**TASK TO CARRY OUT**
Which lines below fall between the one containing "#255=FACE_BOUND('',#254,.T.);" and the one containing "#266=EDGE_LOOP('',(#265));"? Repeat them exactly, counting both of those lines, and add nothing else.

=== EXERCISE INPUTS ===

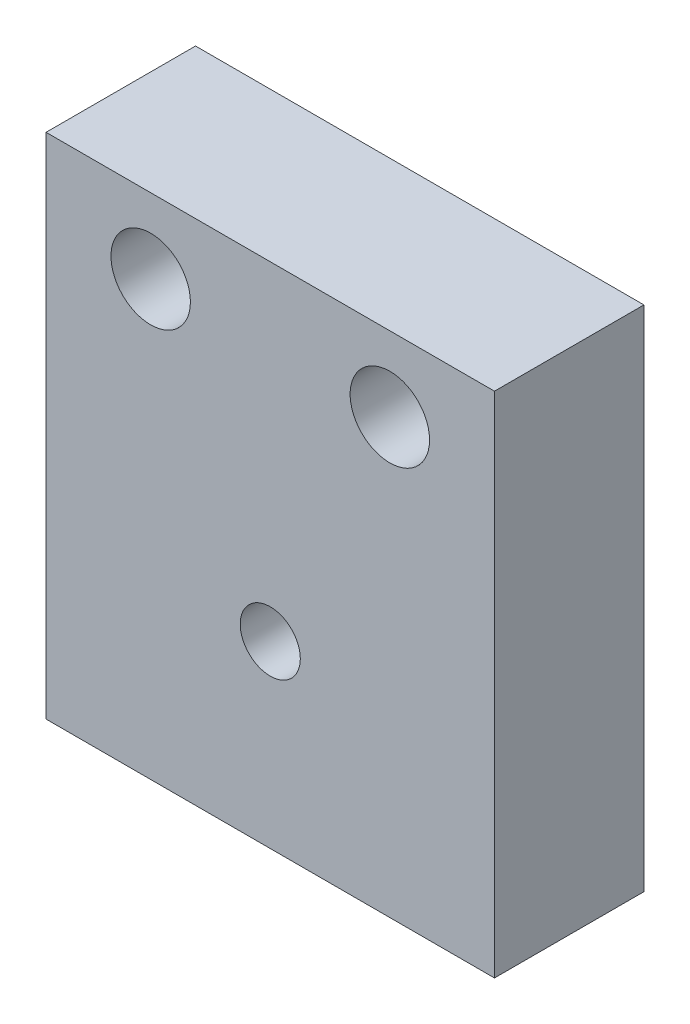
ISO-10303-21;
HEADER;
FILE_DESCRIPTION(('STEP AP214'),'2;1');
FILE_NAME('part.step','',(''),(''),'','','');
FILE_SCHEMA(('AUTOMOTIVE_DESIGN { 1 0 10303 214 1 1 1 1 }'));
ENDSEC;
DATA;
#1=APPLICATION_CONTEXT('core data for automotive mechanical design processes');
#2=APPLICATION_PROTOCOL_DEFINITION('international standard','automotive_design',2000,#1);
#3=PRODUCT_CONTEXT('',#1,'mechanical');
#4=PRODUCT('Part','Part','',(#3));
#5=PRODUCT_RELATED_PRODUCT_CATEGORY('part','',(#4));
#6=PRODUCT_DEFINITION_FORMATION('','',#4);
#7=PRODUCT_DEFINITION_CONTEXT('part definition',#1,'design');
#8=PRODUCT_DEFINITION('design','',#6,#7);
#9=PRODUCT_DEFINITION_SHAPE('','',#8);
#10=(LENGTH_UNIT() NAMED_UNIT(*) SI_UNIT(.MILLI.,.METRE.));
#11=(NAMED_UNIT(*) PLANE_ANGLE_UNIT() SI_UNIT($,.RADIAN.));
#12=(NAMED_UNIT(*) SI_UNIT($,.STERADIAN.) SOLID_ANGLE_UNIT());
#13=UNCERTAINTY_MEASURE_WITH_UNIT(LENGTH_MEASURE(1.E-05),#10,'distance_accuracy_value','');
#14=(GEOMETRIC_REPRESENTATION_CONTEXT(3) GLOBAL_UNCERTAINTY_ASSIGNED_CONTEXT((#13)) GLOBAL_UNIT_ASSIGNED_CONTEXT((#10,
#11,#12)) REPRESENTATION_CONTEXT('',''));
#15=CARTESIAN_POINT('',(0.,0.,0.));
#16=DIRECTION('',(0.,0.,1.));
#17=DIRECTION('',(1.,0.,0.));
#18=AXIS2_PLACEMENT_3D('',#15,#16,#17);
#19=CARTESIAN_POINT('',(0.,0.,-12.7));
#20=DIRECTION('',(-1.,0.,0.));
#21=DIRECTION('',(0.,0.,1.));
#22=AXIS2_PLACEMENT_3D('',#19,#20,#21);
#23=PLANE('',#22);
#24=DIRECTION('',(0.,-1.,0.));
#25=VECTOR('',#24,1.);
#26=CARTESIAN_POINT('',(0.,0.,0.));
#27=LINE('',#26,#25);
#28=CARTESIAN_POINT('',(0.,43.18,0.));
#29=VERTEX_POINT('',#28);
#30=CARTESIAN_POINT('',(0.,0.,0.));
#31=VERTEX_POINT('',#30);
#32=EDGE_CURVE('E112',#29,#31,#27,.T.);
#33=ORIENTED_EDGE('',*,*,#32,.F.);
#34=DIRECTION('',(0.,0.,1.));
#35=VECTOR('',#34,1.);
#36=CARTESIAN_POINT('',(0.,43.18,-12.7));
#37=LINE('',#36,#35);
#38=CARTESIAN_POINT('',(0.,43.18,-12.7));
#39=VERTEX_POINT('',#38);
#40=EDGE_CURVE('E11',#39,#29,#37,.T.);
#41=ORIENTED_EDGE('',*,*,#40,.F.);
#42=DIRECTION('',(0.,-1.,0.));
#43=VECTOR('',#42,1.);
#44=CARTESIAN_POINT('',(0.,0.,-12.7));
#45=LINE('',#44,#43);
#46=CARTESIAN_POINT('',(0.,0.,-12.7));
#47=VERTEX_POINT('',#46);
#48=EDGE_CURVE('E103',#39,#47,#45,.T.);
#49=ORIENTED_EDGE('',*,*,#48,.T.);
#50=DIRECTION('',(0.,0.,1.));
#51=VECTOR('',#50,1.);
#52=CARTESIAN_POINT('',(0.,0.,-12.7));
#53=LINE('',#52,#51);
#54=EDGE_CURVE('E44',#47,#31,#53,.T.);
#55=ORIENTED_EDGE('',*,*,#54,.T.);
#56=EDGE_LOOP('',(#33,#41,#49,#55));
#57=FACE_BOUND('',#56,.T.);
#58=ADVANCED_FACE('F41',(#57),#23,.T.);
#59=CARTESIAN_POINT('',(0.,43.18,-12.7));
#60=DIRECTION('',(0.,1.,0.));
#61=DIRECTION('',(0.,0.,1.));
#62=AXIS2_PLACEMENT_3D('',#59,#60,#61);
#63=PLANE('',#62);
#64=DIRECTION('',(-1.,0.,0.));
#65=VECTOR('',#64,1.);
#66=CARTESIAN_POINT('',(0.,43.18,0.));
#67=LINE('',#66,#65);
#68=CARTESIAN_POINT('',(38.1,43.18,0.));
#69=VERTEX_POINT('',#68);
#70=EDGE_CURVE('E106',#69,#29,#67,.T.);
#71=ORIENTED_EDGE('',*,*,#70,.F.);
#72=DIRECTION('',(0.,0.,1.));
#73=VECTOR('',#72,1.);
#74=CARTESIAN_POINT('',(38.1,43.18,-12.7));
#75=LINE('',#74,#73);
#76=CARTESIAN_POINT('',(38.1,43.18,-12.7));
#77=VERTEX_POINT('',#76);
#78=EDGE_CURVE('E51',#77,#69,#75,.T.);
#79=ORIENTED_EDGE('',*,*,#78,.F.);
#80=DIRECTION('',(-1.,0.,0.));
#81=VECTOR('',#80,1.);
#82=CARTESIAN_POINT('',(0.,43.18,-12.7));
#83=LINE('',#82,#81);
#84=EDGE_CURVE('E98',#77,#39,#83,.T.);
#85=ORIENTED_EDGE('',*,*,#84,.T.);
#86=ORIENTED_EDGE('',*,*,#40,.T.);
#87=EDGE_LOOP('',(#71,#79,#85,#86));
#88=FACE_BOUND('',#87,.T.);
#89=ADVANCED_FACE('F129',(#88),#63,.T.);
#90=CARTESIAN_POINT('',(38.1,0.,-12.7));
#91=DIRECTION('',(1.,0.,0.));
#92=DIRECTION('',(0.,0.,-1.));
#93=AXIS2_PLACEMENT_3D('',#90,#91,#92);
#94=PLANE('',#93);
#95=DIRECTION('',(0.,1.,0.));
#96=VECTOR('',#95,1.);
#97=CARTESIAN_POINT('',(38.1,0.,0.));
#98=LINE('',#97,#96);
#99=CARTESIAN_POINT('',(38.1,0.,0.));
#100=VERTEX_POINT('',#99);
#101=EDGE_CURVE('E92',#100,#69,#98,.T.);
#102=ORIENTED_EDGE('',*,*,#101,.F.);
#103=DIRECTION('',(0.,0.,1.));
#104=VECTOR('',#103,1.);
#105=CARTESIAN_POINT('',(38.1,0.,-12.7));
#106=LINE('',#105,#104);
#107=CARTESIAN_POINT('',(38.1,0.,-12.7));
#108=VERTEX_POINT('',#107);
#109=EDGE_CURVE('E87',#108,#100,#106,.T.);
#110=ORIENTED_EDGE('',*,*,#109,.F.);
#111=DIRECTION('',(0.,1.,0.));
#112=VECTOR('',#111,1.);
#113=CARTESIAN_POINT('',(38.1,0.,-12.7));
#114=LINE('',#113,#112);
#115=EDGE_CURVE('E90',#108,#77,#114,.T.);
#116=ORIENTED_EDGE('',*,*,#115,.T.);
#117=ORIENTED_EDGE('',*,*,#78,.T.);
#118=EDGE_LOOP('',(#102,#110,#116,#117));
#119=FACE_BOUND('',#118,.T.);
#120=ADVANCED_FACE('F89',(#119),#94,.T.);
#121=CARTESIAN_POINT('',(0.,0.,-12.7));
#122=DIRECTION('',(0.,-1.,0.));
#123=DIRECTION('',(0.,0.,-1.));
#124=AXIS2_PLACEMENT_3D('',#121,#122,#123);
#125=PLANE('',#124);
#126=DIRECTION('',(1.,0.,0.));
#127=VECTOR('',#126,1.);
#128=CARTESIAN_POINT('',(0.,0.,0.));
#129=LINE('',#128,#127);
#130=EDGE_CURVE('E116',#31,#100,#129,.T.);
#131=ORIENTED_EDGE('',*,*,#130,.F.);
#132=ORIENTED_EDGE('',*,*,#54,.F.);
#133=DIRECTION('',(1.,0.,0.));
#134=VECTOR('',#133,1.);
#135=CARTESIAN_POINT('',(0.,0.,-12.7));
#136=LINE('',#135,#134);
#137=EDGE_CURVE('E97',#47,#108,#136,.T.);
#138=ORIENTED_EDGE('',*,*,#137,.T.);
#139=ORIENTED_EDGE('',*,*,#109,.T.);
#140=EDGE_LOOP('',(#131,#132,#138,#139));
#141=FACE_BOUND('',#140,.T.);
#142=ADVANCED_FACE('F101',(#141),#125,.T.);
#143=CARTESIAN_POINT('',(0.,0.,-12.7));
#144=DIRECTION('',(0.,0.,-1.));
#145=DIRECTION('',(-1.,0.,0.));
#146=AXIS2_PLACEMENT_3D('',#143,#144,#145);
#147=PLANE('',#146);
#148=CARTESIAN_POINT('',(19.05,15.24,-12.7));
#149=DIRECTION('',(0.,0.,-1.));
#150=DIRECTION('',(-1.,0.,0.));
#151=AXIS2_PLACEMENT_3D('',#148,#149,#150);
#152=CIRCLE('',#151,2.55269999999999);
#153=CARTESIAN_POINT('',(16.4973,15.24,-12.7));
#154=VERTEX_POINT('',#153);
#155=EDGE_CURVE('E169',#154,#154,#152,.T.);
#156=ORIENTED_EDGE('',*,*,#155,.F.);
#157=EDGE_LOOP('',(#156));
#158=FACE_BOUND('',#157,.T.);
#159=CARTESIAN_POINT('',(29.21,36.83,-12.7));
#160=DIRECTION('',(0.,0.,1.));
#161=DIRECTION('',(1.,0.,0.));
#162=AXIS2_PLACEMENT_3D('',#159,#160,#161);
#163=CIRCLE('',#162,3.37350099999999);
#164=CARTESIAN_POINT('',(32.583501,36.83,-12.7));
#165=VERTEX_POINT('',#164);
#166=EDGE_CURVE('E176',#165,#165,#163,.T.);
#167=ORIENTED_EDGE('',*,*,#166,.T.);
#168=EDGE_LOOP('',(#167));
#169=FACE_BOUND('',#168,.T.);
#170=CARTESIAN_POINT('',(8.89,36.83,-12.7));
#171=DIRECTION('',(0.,0.,1.));
#172=DIRECTION('',(1.,0.,0.));
#173=AXIS2_PLACEMENT_3D('',#170,#171,#172);
#174=CIRCLE('',#173,3.373501);
#175=CARTESIAN_POINT('',(12.263501,36.83,-12.7));
#176=VERTEX_POINT('',#175);
#177=EDGE_CURVE('E117',#176,#176,#174,.T.);
#178=ORIENTED_EDGE('',*,*,#177,.T.);
#179=EDGE_LOOP('',(#178));
#180=FACE_BOUND('',#179,.T.);
#181=ORIENTED_EDGE('',*,*,#48,.F.);
#182=ORIENTED_EDGE('',*,*,#84,.F.);
#183=ORIENTED_EDGE('',*,*,#115,.F.);
#184=ORIENTED_EDGE('',*,*,#137,.F.);
#185=EDGE_LOOP('',(#181,#182,#183,#184));
#186=FACE_BOUND('',#185,.T.);
#187=ADVANCED_FACE('F96',(#158,#169,#180,#186),#147,.T.);
#188=CARTESIAN_POINT('',(0.,0.,0.));
#189=DIRECTION('',(0.,0.,-1.));
#190=DIRECTION('',(-1.,0.,0.));
#191=AXIS2_PLACEMENT_3D('',#188,#189,#190);
#192=PLANE('',#191);
#193=CARTESIAN_POINT('',(19.05,15.24,0.));
#194=DIRECTION('',(0.,0.,1.));
#195=DIRECTION('',(1.,0.,0.));
#196=AXIS2_PLACEMENT_3D('',#193,#194,#195);
#197=CIRCLE('',#196,2.55269999999999);
#198=CARTESIAN_POINT('',(21.6027,15.24,0.));
#199=VERTEX_POINT('',#198);
#200=EDGE_CURVE('E167',#199,#199,#197,.T.);
#201=ORIENTED_EDGE('',*,*,#200,.F.);
#202=EDGE_LOOP('',(#201));
#203=FACE_BOUND('',#202,.T.);
#204=CARTESIAN_POINT('',(29.21,36.83,0.));
#205=DIRECTION('',(0.,0.,1.));
#206=DIRECTION('',(1.,0.,0.));
#207=AXIS2_PLACEMENT_3D('',#204,#205,#206);
#208=CIRCLE('',#207,3.373501);
#209=CARTESIAN_POINT('',(32.583501,36.83,0.));
#210=VERTEX_POINT('',#209);
#211=EDGE_CURVE('E171',#210,#210,#208,.T.);
#212=ORIENTED_EDGE('',*,*,#211,.F.);
#213=EDGE_LOOP('',(#212));
#214=FACE_BOUND('',#213,.T.);
#215=CARTESIAN_POINT('',(8.89,36.83,0.));
#216=DIRECTION('',(0.,0.,1.));
#217=DIRECTION('',(1.,0.,0.));
#218=AXIS2_PLACEMENT_3D('',#215,#216,#217);
#219=CIRCLE('',#218,3.373501);
#220=CARTESIAN_POINT('',(12.263501,36.83,0.));
#221=VERTEX_POINT('',#220);
#222=EDGE_CURVE('E183',#221,#221,#219,.T.);
#223=ORIENTED_EDGE('',*,*,#222,.F.);
#224=EDGE_LOOP('',(#223));
#225=FACE_BOUND('',#224,.T.);
#226=ORIENTED_EDGE('',*,*,#32,.T.);
#227=ORIENTED_EDGE('',*,*,#130,.T.);
#228=ORIENTED_EDGE('',*,*,#101,.T.);
#229=ORIENTED_EDGE('',*,*,#70,.T.);
#230=EDGE_LOOP('',(#226,#227,#228,#229));
#231=FACE_BOUND('',#230,.T.);
#232=ADVANCED_FACE('F128',(#203,#214,#225,#231),#192,.F.);
#233=CARTESIAN_POINT('',(8.89,36.83,0.));
#234=DIRECTION('',(0.,0.,1.));
#235=DIRECTION('',(1.,0.,0.));
#236=AXIS2_PLACEMENT_3D('',#233,#234,#235);
#237=CYLINDRICAL_SURFACE('',#236,3.373501);
#238=ORIENTED_EDGE('',*,*,#177,.F.);
#239=EDGE_LOOP('',(#238));
#240=FACE_BOUND('',#239,.T.);
#241=ORIENTED_EDGE('',*,*,#222,.T.);
#242=EDGE_LOOP('',(#241));
#243=FACE_BOUND('',#242,.T.);
#244=ADVANCED_FACE('F147',(#240,#243),#237,.F.);
#245=CARTESIAN_POINT('',(29.21,36.83,0.));
#246=DIRECTION('',(0.,0.,1.));
#247=DIRECTION('',(1.,0.,0.));
#248=AXIS2_PLACEMENT_3D('',#245,#246,#247);
#249=CYLINDRICAL_SURFACE('',#248,3.373501);
#250=ORIENTED_EDGE('',*,*,#166,.F.);
#251=EDGE_LOOP('',(#250));
#252=FACE_BOUND('',#251,.T.);
#253=ORIENTED_EDGE('',*,*,#211,.T.);
#254=EDGE_LOOP('',(#253));
#255=FACE_BOUND('',#254,.T.);
#256=ADVANCED_FACE('F154',(#252,#255),#249,.F.);
#257=CARTESIAN_POINT('',(19.05,15.24,0.));
#258=DIRECTION('',(0.,0.,1.));
#259=DIRECTION('',(1.,0.,0.));
#260=AXIS2_PLACEMENT_3D('',#257,#258,#259);
#261=CYLINDRICAL_SURFACE('',#260,2.55269999999999);
#262=ORIENTED_EDGE('',*,*,#200,.T.);
#263=EDGE_LOOP('',(#262));
#264=FACE_BOUND('',#263,.T.);
#265=ORIENTED_EDGE('',*,*,#155,.T.);
#266=EDGE_LOOP('',(#265));
#267=FACE_BOUND('',#266,.T.);
#268=ADVANCED_FACE('F158',(#264,#267),#261,.F.);
#269=CLOSED_SHELL('',(#58,#89,#120,#142,#187,#232,#244,#256,#268));
#270=MANIFOLD_SOLID_BREP('B2',#269);
#271=ADVANCED_BREP_SHAPE_REPRESENTATION('',(#18,#270),#14);
#272=SHAPE_DEFINITION_REPRESENTATION(#9,#271);
ENDSEC;
END-ISO-10303-21;

===

**RESULT**
#255=FACE_BOUND('',#254,.T.);
#256=ADVANCED_FACE('F154',(#252,#255),#249,.F.);
#257=CARTESIAN_POINT('',(19.05,15.24,0.));
#258=DIRECTION('',(0.,0.,1.));
#259=DIRECTION('',(1.,0.,0.));
#260=AXIS2_PLACEMENT_3D('',#257,#258,#259);
#261=CYLINDRICAL_SURFACE('',#260,2.55269999999999);
#262=ORIENTED_EDGE('',*,*,#200,.T.);
#263=EDGE_LOOP('',(#262));
#264=FACE_BOUND('',#263,.T.);
#265=ORIENTED_EDGE('',*,*,#155,.T.);
#266=EDGE_LOOP('',(#265));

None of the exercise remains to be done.